(Items listed in a dataset)
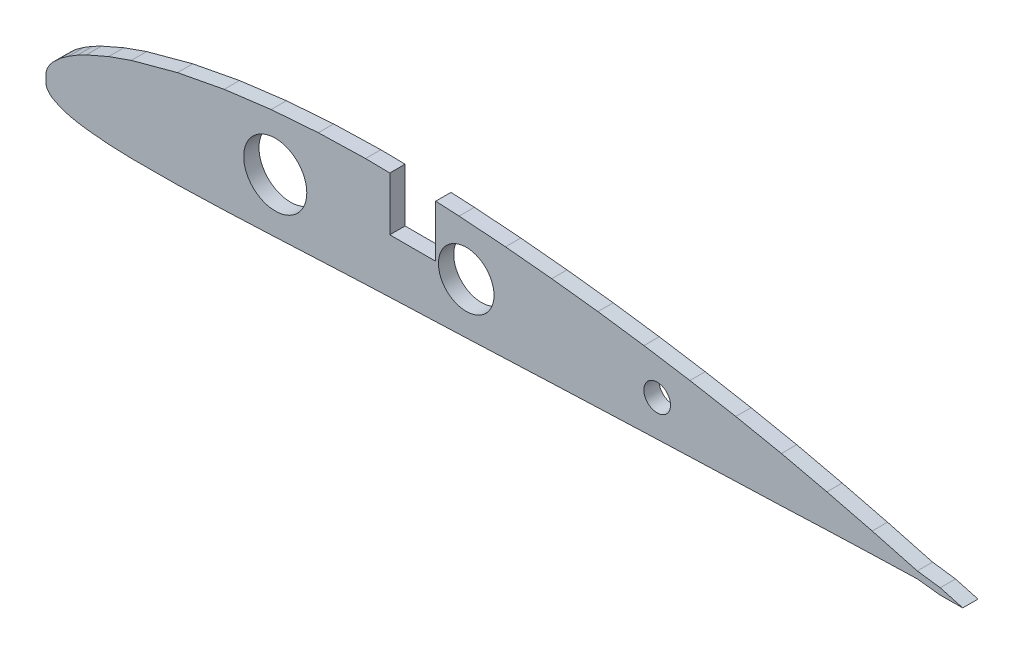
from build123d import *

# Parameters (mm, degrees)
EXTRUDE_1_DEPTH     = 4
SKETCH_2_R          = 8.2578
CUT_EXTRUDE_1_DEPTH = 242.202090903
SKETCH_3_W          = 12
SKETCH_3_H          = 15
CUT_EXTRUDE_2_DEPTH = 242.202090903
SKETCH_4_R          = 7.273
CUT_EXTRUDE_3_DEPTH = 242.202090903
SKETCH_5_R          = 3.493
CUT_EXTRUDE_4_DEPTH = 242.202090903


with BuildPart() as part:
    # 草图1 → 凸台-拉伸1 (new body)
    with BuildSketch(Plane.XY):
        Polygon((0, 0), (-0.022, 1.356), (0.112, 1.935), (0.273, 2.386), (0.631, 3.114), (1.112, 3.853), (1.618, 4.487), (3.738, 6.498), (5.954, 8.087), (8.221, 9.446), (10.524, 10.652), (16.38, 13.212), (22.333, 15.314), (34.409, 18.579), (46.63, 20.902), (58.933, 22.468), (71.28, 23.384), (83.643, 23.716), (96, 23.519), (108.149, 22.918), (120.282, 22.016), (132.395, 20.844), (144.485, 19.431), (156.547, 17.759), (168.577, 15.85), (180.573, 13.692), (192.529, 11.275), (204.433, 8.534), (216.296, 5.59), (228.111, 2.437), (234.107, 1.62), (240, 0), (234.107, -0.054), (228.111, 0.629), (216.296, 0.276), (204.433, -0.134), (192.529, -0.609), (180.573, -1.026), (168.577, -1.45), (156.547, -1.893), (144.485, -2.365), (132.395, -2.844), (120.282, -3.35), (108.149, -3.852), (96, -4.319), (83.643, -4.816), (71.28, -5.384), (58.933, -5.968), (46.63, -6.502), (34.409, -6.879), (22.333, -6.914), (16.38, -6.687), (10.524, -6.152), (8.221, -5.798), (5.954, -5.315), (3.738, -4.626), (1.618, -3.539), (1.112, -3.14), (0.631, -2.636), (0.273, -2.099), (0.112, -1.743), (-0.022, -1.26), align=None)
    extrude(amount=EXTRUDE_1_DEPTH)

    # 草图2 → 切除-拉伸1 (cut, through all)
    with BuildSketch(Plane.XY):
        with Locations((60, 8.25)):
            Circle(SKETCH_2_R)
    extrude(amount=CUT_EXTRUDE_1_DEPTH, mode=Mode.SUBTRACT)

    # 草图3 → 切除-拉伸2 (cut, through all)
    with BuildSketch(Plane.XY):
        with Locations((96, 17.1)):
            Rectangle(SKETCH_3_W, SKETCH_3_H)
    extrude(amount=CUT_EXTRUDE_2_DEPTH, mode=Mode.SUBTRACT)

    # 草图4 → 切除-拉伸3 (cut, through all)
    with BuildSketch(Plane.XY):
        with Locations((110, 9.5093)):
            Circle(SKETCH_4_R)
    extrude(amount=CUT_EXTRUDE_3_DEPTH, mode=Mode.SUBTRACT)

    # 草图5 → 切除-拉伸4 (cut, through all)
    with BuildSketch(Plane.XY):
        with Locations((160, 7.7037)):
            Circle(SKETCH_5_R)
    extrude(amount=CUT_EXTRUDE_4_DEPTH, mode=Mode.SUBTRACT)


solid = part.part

Exercise prompt => Every line with "Circle" in it should be copied from the entries above.

Answer box =>
            Circle(SKETCH_2_R)
            Circle(SKETCH_4_R)
            Circle(SKETCH_5_R)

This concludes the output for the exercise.